The good news is that the first steps to address this shortage of engineers have been taken. Salisbury College in Wiltshire has become the first college in the country to provide a dedicated catering engineer's NVQ course, going up to level 3. It works with existing engineers to raise their level of knowledge and with trainee engineers who come into the industry under the Modern Apprenticeship scheme.

One of the service companies taking up this NVQ route to engineer training is Carford Services, based in Ferndown, Dorset. Chairman John Carter has nothing but praise for the arrival of college-based training. "We are using the course to give further training to existing engineers and for our apprentices, who now have a clear career path with formalised qualifications."

Carter was also one of the members of the Catering Equipment Distributors Association (CEDA) who set up Cedacare, a service for both caterers and service providers designed to deliver more effective use of the available resource of catering engineers.

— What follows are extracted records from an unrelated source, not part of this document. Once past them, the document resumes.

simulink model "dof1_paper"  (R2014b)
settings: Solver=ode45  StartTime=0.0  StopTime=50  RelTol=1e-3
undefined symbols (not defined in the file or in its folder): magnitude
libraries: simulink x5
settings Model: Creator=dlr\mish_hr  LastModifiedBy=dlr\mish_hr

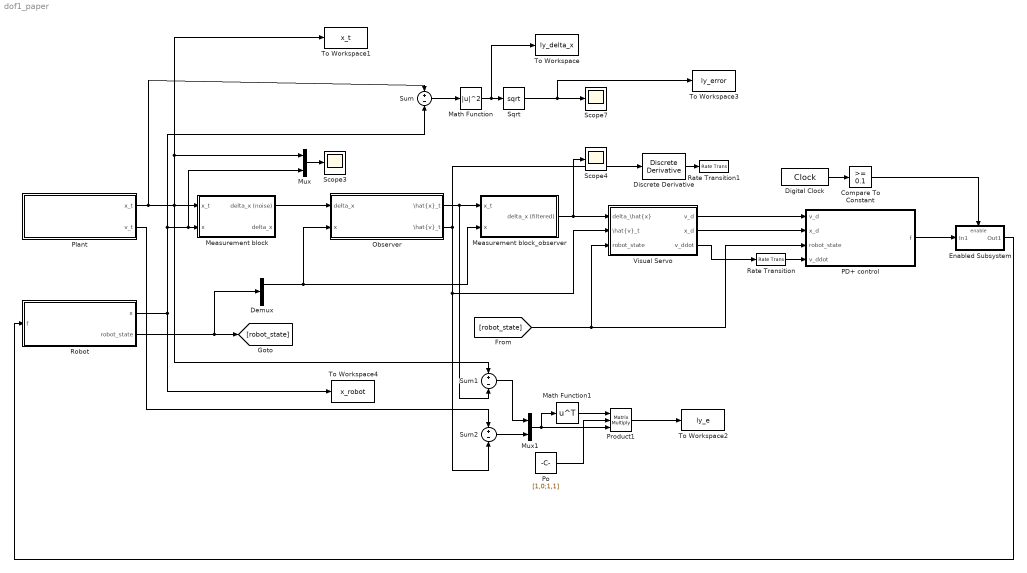
== system dof1_paper ==
  Compare To Constant : simulink/Logic and Bit Operations/Compare To Constant  relop=>=  const=0.1  OutDataTypeStr=boolean
  Demux : Demux  Outputs=2
  Digital Clock : DigitalClock  SampleTime=0.01
  Discrete Derivative : simulink/Discrete/Discrete Derivative  gainval=1.0  ICPrevScaledInput=0.0  InputProcessing=Inherited  OutMin=[]  OutMax=[]  OutDataType=fixdt(1, 16)  OutScaling=2^-10  DoSatur=off
  Enabled Subsystem : Subsystem  TreatAsAtomicUnit=on
  Math Function : Math  Operator=magnitude^2  SaturateOnIntegerOverflow=on
  Math Function1 : Math  Operator=transpose  SaturateOnIntegerOverflow=on
  Measurement block : Subsystem
  Measurement block_observer : Subsystem  TreatAsAtomicUnit=on  SystemSampleTime=0.1
  Mux : Mux  Inputs=2
  Mux1 : Mux  Inputs=2
  Observer : Subsystem  TreatAsAtomicUnit=on  SystemSampleTime=0.1
  PD+ control : Subsystem  TreatAsAtomicUnit=on  SystemSampleTime=0.01
  Plant : Subsystem
  Po : Constant  Value=[1,0;1,1]
  Product1 : Product  Inputs=3  Multiplication=Matrix(*)
  Rate Transition : RateTransition  OutPortSampleTime=.1
  Rate Transition1 : RateTransition  OutPortSampleTime=.1
  Robot : Subsystem
  Scope3 : Scope
      settings: TimeRange=30  SaveName=ScopeData5
  Scope4 : Scope
      settings: TimeRange=30  SaveName=ScopeData12
  Scope7 : Scope
      settings: TimeRange=30  SaveName=ScopeData11
  Sqrt : Sqrt  SaturateOnIntegerOverflow=on
  Sum : Sum  Inputs=+-
  Sum1 : Sum  Inputs=+-
  Sum2 : Sum  Inputs=+-
  To Workspace : ToWorkspace  VariableName=ly_delta_x  SaveFormat=Timeseries  SampleTime=-1
  To Workspace1 : ToWorkspace  VariableName=x_t  SaveFormat=Timeseries  SampleTime=-1
  To Workspace2 : ToWorkspace  VariableName=ly_e  SaveFormat=Timeseries  SampleTime=-1
  To Workspace3 : ToWorkspace  VariableName=ly_error  SaveFormat=Timeseries  SampleTime=-1
  To Workspace4 : ToWorkspace  VariableName=x_robot  SaveFormat=Timeseries  SampleTime=-1
  Visual Servo : Subsystem  TreatAsAtomicUnit=on  SystemSampleTime=0.01
  wires:
  Plant/1(x_t) -> Sum/1, Sum1/1, To Workspace1/1, Mux/1, Measurement block/1(x_t)
  Robot/1(x) -> Sum/2, Mux/2, Measurement block/2(x), To Workspace4/1
  Measurement block/1(delta_x (noise)) -> Observer/1(delta_x)
  Observer/1("\\hat{x}_t") -> Measurement block_observer/1(x_t), Sum1/2
  Measurement block_observer/1(delta_x (filtered)) -> Scope4/1, Visual Servo/1("delta_\\hat{x} ")
  Robot/2(robot_state) -> Demux/1, [robot_state]
  [robot_state] -> Visual Servo/3(robot_state), PD+ control/3(robot_state)
  Demux/1 -> Measurement block_observer/2(x), Observer/2(x)
  Digital Clock/1 -> Compare To Constant/1
  Compare To Constant/1 -> Enabled Subsystem/Enable
  PD+ control/1(f) -> Enabled Subsystem/1(In1)
  Sum/1 -> Math Function/1
  Math Function/1 -> To Workspace/1, Sqrt/1
  Sqrt/1 -> To Workspace3/1, Scope7/1
  Mux/1 -> Scope3/1
  Plant/2("v_t ") -> Sum2/1
  Enabled Subsystem/1(Out1) -> Robot/1(f)
  Visual Servo/3(v_ddot) -> Rate Transition/1
  Sum2/1 -> Mux1/2
  Sum1/1 -> Mux1/1
  Po/1 -> Product1/2
  Math Function1/1 -> Product1/1
  Mux1/1 -> Math Function1/1, Product1/3
  Product1/1 -> To Workspace2/1
  Discrete Derivative/1 -> Rate Transition1/1
  Observer/2("\\hat{v}_t") -> Discrete Derivative/1, Visual Servo/2("\\hat{v}_t"), Sum2/2
  Rate Transition/1 -> PD+ control/4(v_ddot)
  Visual Servo/1(v_d) -> PD+ control/1(v_d)
  Visual Servo/2(x_d) -> PD+ control/2(x_d)

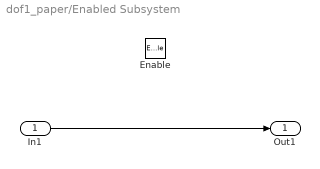
== system dof1_paper/Enabled Subsystem ==
  In1 : Inport
  Enable : EnablePort
  Out1 : Outport
  wires:
  In1/1 -> Out1/1

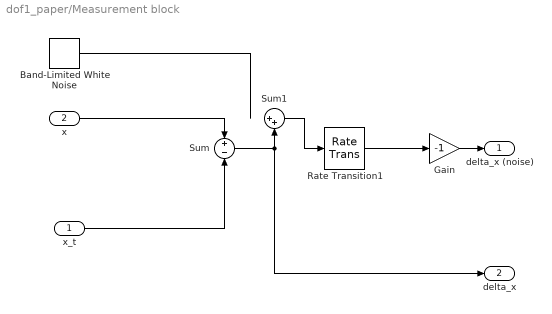
== system dof1_paper/Measurement block ==
  x_t : Inport
  x : Inport  Port=2
  Band-Limited White Noise : simulink/Sources/Band-Limited White Noise  Cov=1e-4  Ts=0.1  seed=[23341]
  Gain : Gain  Gain=-1
  Rate Transition1 : RateTransition  OutPortSampleTime=0.1
  Sum : Sum  Inputs=+-
  Sum1 : Sum  Inputs=|++
  delta_x (noise) : Outport
  "delta_x " : Outport  Port=2
  wires:
  x_t/1 -> Sum/2
  Sum1/1 -> Rate Transition1/1
  Band-Limited White Noise/1 -> ?
  x/1 -> Sum/1
  Rate Transition1/1 -> Gain/1
  Gain/1 -> delta_x (noise)/1
  Sum/1 -> Sum1/2, "delta_x "/1

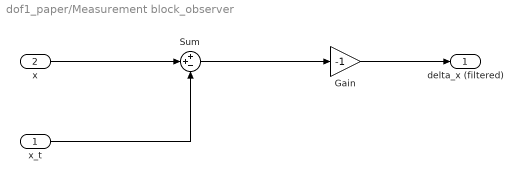
== system dof1_paper/Measurement block_observer ==
  x_t : Inport
  x : Inport  Port=2
  Gain : Gain  Gain=-1
  Sum : Sum  Inputs=++-
  delta_x (filtered) : Outport
  wires:
  Gain/1 -> delta_x (filtered)/1
  Sum/1 -> Gain/1
  x/1 -> Sum/2
  x_t/1 -> Sum/3

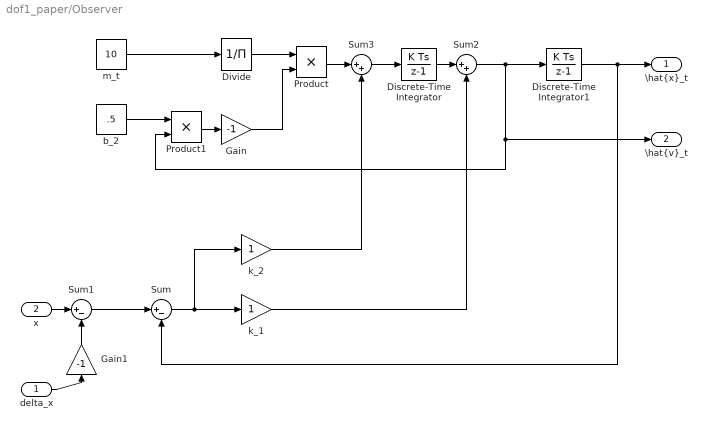
== system dof1_paper/Observer ==
  delta_x : Inport
  x : Inport  Port=2
  Discrete-Time Integrator : DiscreteIntegrator  InitialConditionSetting=State (most efficient)  SampleTime=-1
  Discrete-Time Integrator1 : DiscreteIntegrator  InitialConditionSetting=State (most efficient)  SampleTime=-1
  Divide : Product  Inputs=/
  Gain : Gain  Gain=-1
  Gain1 : Gain  Gain=-1
  Product : Product
  Product1 : Product
  Sum : Sum  Inputs=|+-
  Sum1 : Sum  Inputs=|+-
  Sum2 : Sum  Inputs=|++
  Sum3 : Sum  Inputs=|++
  b_2 : Constant  Value=.5
  k_1 : Gain
  k_2 : Gain
  m_t : Constant  Value=10
  "\\hat{x}_t" : Outport
  "\\hat{v}_t" : Outport  Port=2
  wires:
  Product1/1 -> Gain/1
  Discrete-Time Integrator1/1 -> Sum/2, "\\hat{x}_t"/1
  Sum3/1 -> Discrete-Time Integrator/1
  Divide/1 -> Product/1
  Sum2/1 -> Discrete-Time Integrator1/1, Product1/2, "\\hat{v}_t"/1
  m_t/1 -> Divide/1
  b_2/1 -> Product1/1
  Gain/1 -> Product/2
  Sum1/1 -> Sum/1
  Sum/1 -> k_2/1, k_1/1
  Discrete-Time Integrator/1 -> Sum2/1
  k_1/1 -> Sum2/2
  k_2/1 -> Sum3/2
  Product/1 -> Sum3/1
  x/1 -> Sum1/1
  delta_x/1 -> Gain1/1
  Gain1/1 -> Sum1/2

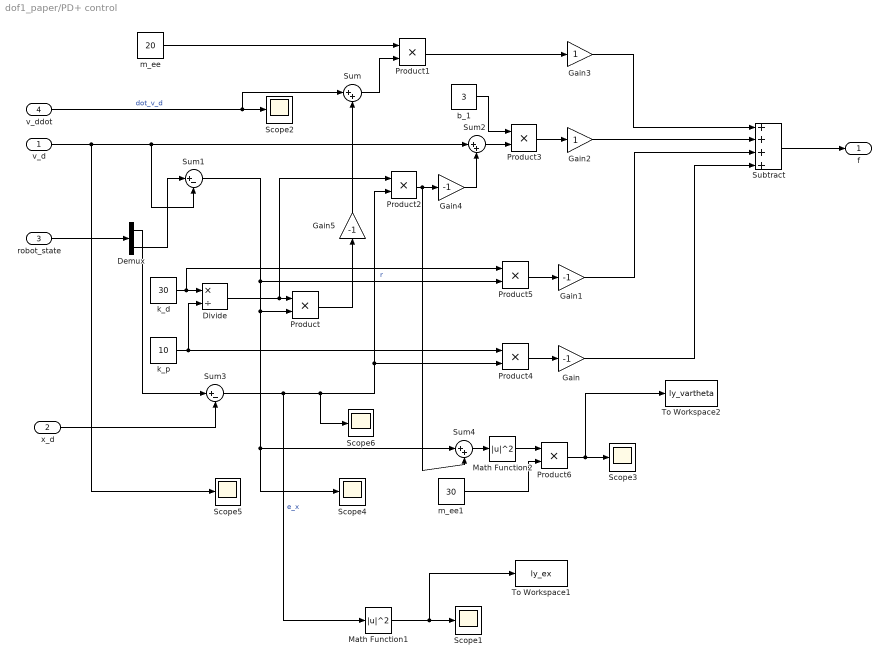
== system dof1_paper/PD+ control ==
  v_d : Inport
  x_d : Inport  Port=2
  robot_state : Inport  Port=3
  v_ddot : Inport  Port=4
  Demux : Demux  Outputs=2
  Divide : Product  Inputs=*/
  Gain{,1,4..5} (4 alike) : Gain  Gain=-1
  Gain2 : Gain
  Gain3 : Gain
  Math Function1 : Math  Operator=magnitude^2  SaturateOnIntegerOverflow=on
  Math Function2 : Math  Operator=magnitude^2  SaturateOnIntegerOverflow=on
  Product{,1..6} (7 alike) : Product
  Scope{1..6} (6 alike) : Scope
      Scope1 settings: TimeRange=30  SaveName=ScopeData2
      Scope2 settings: TimeRange=30  SaveName=ScopeData3
      Scope3 settings: TimeRange=30  SaveName=ScopeData4
      Scope4 settings: TimeRange=49.99  YMin=-0.5358447488584475  YMax=0.1970319634703197  SaveName=ScopeData6
      Scope5 settings: TimeRange=49.99  YMin=-0.5358447488584475  YMax=0.1970319634703197  SaveName=ScopeData10
      Scope6 settings: TimeRange=49.99  YMin=-0.5358447488584475  YMax=0.1970319634703197  SaveName=ScopeData13
  Subtract : Sum  Inputs=++++
  Sum : Sum  Inputs=|++
  Sum1 : Sum  Inputs=|+-
  Sum2 : Sum  Inputs=|++
  Sum3 : Sum  Inputs=|+-
  Sum4 : Sum  Inputs=|++
  To Workspace1 : ToWorkspace  VariableName=ly_ex  SaveFormat=Timeseries  SampleTime=-1
  To Workspace2 : ToWorkspace  VariableName=ly_vartheta  SaveFormat=Timeseries  SampleTime=-1
  b_1 : Constant  Value=3
  k_d : Constant  Value=30
  k_p : Constant  Value=10
  m_ee : Constant  Value=20
  m_ee1 : Constant  Value=30
  f : Outport
  wires:
  v_d/1 -> Scope5/1, Sum1/2, Sum2/1
  k_d/1 -> Product5/1, Divide/1
  k_p/1 -> Product4/1, Divide/2
  v_ddot/1 -> Sum/1, Scope2/1  "dot_v_d"
  Divide/1 -> Product2/1, Product/1
  robot_state/1 -> Demux/1
  Demux/2 -> Sum1/1
  Sum1/1 -> Product5/2, Scope4/1, Sum4/1, Product/2  "r"
  Product/1 -> Gain5/1
  Sum/1 -> Product1/2
  m_ee/1 -> Product1/1
  Demux/1 -> Sum3/1
  x_d/1 -> Sum3/2
  Sum3/1 -> Math Function1/1, Scope6/1, Product4/2, Product2/2  "e_x"
  Product2/1 -> Gain4/1, Sum4/2
  Sum2/1 -> Product3/2
  b_1/1 -> Product3/1
  Product4/1 -> Gain/1
  Product5/1 -> Gain1/1
  Product1/1 -> Gain3/1
  Product3/1 -> Gain2/1
  Gain1/1 -> Subtract/3
  Gain/1 -> Subtract/4
  Subtract/1 -> f/1
  Gain2/1 -> Subtract/2
  Gain3/1 -> Subtract/1
  Math Function1/1 -> To Workspace1/1, Scope1/1
  Sum4/1 -> Math Function2/1
  m_ee1/1 -> Product6/2
  Math Function2/1 -> Product6/1
  Product6/1 -> To Workspace2/1, Scope3/1
  Gain4/1 -> Sum2/2
  Gain5/1 -> Sum/2

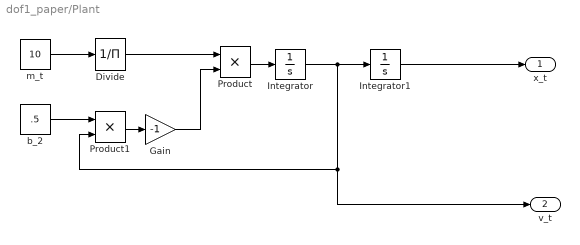
== system dof1_paper/Plant ==
  Divide : Product  Inputs=/
  Gain : Gain  Gain=-1
  Integrator : Integrator  InitialCondition=.4
  Integrator1 : Integrator  InitialCondition=5
  Product : Product
  Product1 : Product
  b_2 : Constant  Value=.5
  m_t : Constant  Value=10
  x_t : Outport
  "v_t " : Outport  Port=2
  wires:
  Product1/1 -> Gain/1
  Integrator1/1 -> x_t/1
  Product/1 -> Integrator/1
  Divide/1 -> Product/1
  m_t/1 -> Divide/1
  b_2/1 -> Product1/1
  Gain/1 -> Product/2
  Integrator/1 -> Integrator1/1, "v_t "/1, Product1/2

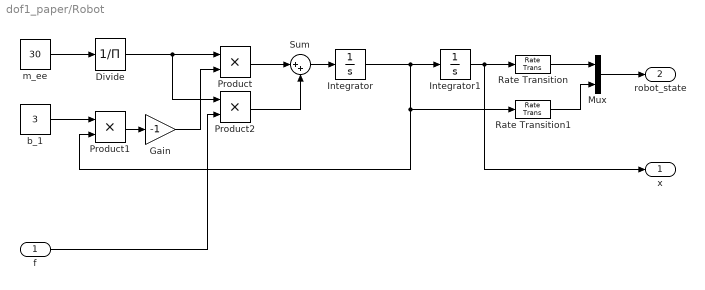
== system dof1_paper/Robot ==
  f : Inport
  Divide : Product  Inputs=/
  Gain : Gain  Gain=-1
  Integrator : Integrator
  Integrator1 : Integrator
  Mux : Mux  Inputs=2
  Product : Product
  Product1 : Product
  Product2 : Product
  Rate Transition : RateTransition  OutPortSampleTime=0.01
  Rate Transition1 : RateTransition  OutPortSampleTime=0.01
  Sum : Sum  Inputs=|++
  b_1 : Constant  Value=3
  m_ee : Constant  Value=30
  x : Outport
  robot_state : Outport  Port=2
  wires:
  Gain/1 -> Product/2
  b_1/1 -> Product1/1
  m_ee/1 -> Divide/1
  Divide/1 -> Product2/1, Product/1
  Sum/1 -> Integrator/1
  Integrator1/1 -> x/1, Rate Transition/1
  Product1/1 -> Gain/1
  Product/1 -> Sum/1
  f/1 -> Product2/2
  Product2/1 -> Sum/2
  Rate Transition/1 -> Mux/1
  Rate Transition1/1 -> Mux/2
  Integrator/1 -> Rate Transition1/1, Product1/2, Integrator1/1
  Mux/1 -> robot_state/1

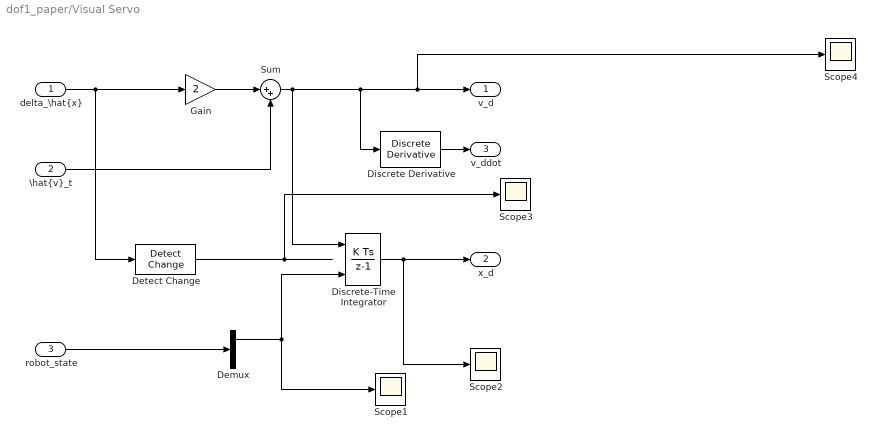
== system dof1_paper/Visual Servo ==
  "delta_\\hat{x} " : Inport
  "\\hat{v}_t" : Inport  Port=2
  robot_state : Inport  Port=3
  Demux : Demux  Outputs=2
  Detect Change : simulink/Logic and Bit Operations/Detect Change  vinit=0  InputProcessing=Inherited  OutDataTypeStr=boolean
  Discrete Derivative : simulink/Discrete/Discrete Derivative  gainval=1.0  ICPrevScaledInput=0.0  InputProcessing=Inherited  OutMin=[]  OutMax=[]  OutDataType=fixdt(1, 16)  OutScaling=2^-10  DoSatur=off
  Discrete-Time Integrator : DiscreteIntegrator  ExternalReset=rising  InitialConditionSource=external  InitialConditionSetting=State (most efficient)  SampleTime=-1
  Gain : Gain  Gain=2
  Scope{1..4} (4 alike) : Scope
      Scope1 settings: TimeRange=30  SaveName=ScopeData8
      Scope2 settings: TimeRange=30  SaveName=ScopeData7
      Scope3 settings: TimeRange=30  SaveName=ScopeData9
      Scope4 settings: TimeRange=30
  Sum : Sum  Inputs=|++
  v_d : Outport
  x_d : Outport  Port=2
  v_ddot : Outport  Port=3
  wires:
  Sum/1 -> Scope4/1, v_d/1, Discrete Derivative/1, Discrete-Time Integrator/1
  "delta_\\hat{x} "/1 -> Detect Change/1, Gain/1
  Gain/1 -> Sum/1
  "\\hat{v}_t"/1 -> Sum/2
  Discrete-Time Integrator/1 -> Scope2/1, x_d/1
  Detect Change/1 -> Scope3/1
  robot_state/1 -> Demux/1
  Demux/1 -> Scope1/1, Discrete-Time Integrator/3
  Discrete Derivative/1 -> v_ddot/1

Instead of a service company having to send an engineer hundreds of miles to make a single visit because of a service contract, independent service companies who are members of the CEDA servicing network will cover each other's call-outs. All the engineers are fully qualified, but they spend their day in the kitchen, not on the motorway. Drazen explains the logic: "If we, as service companies, are going to give the most rapid and effective response to service needs, until we get more catering engineers in this industry, we have to make more of what we have already got."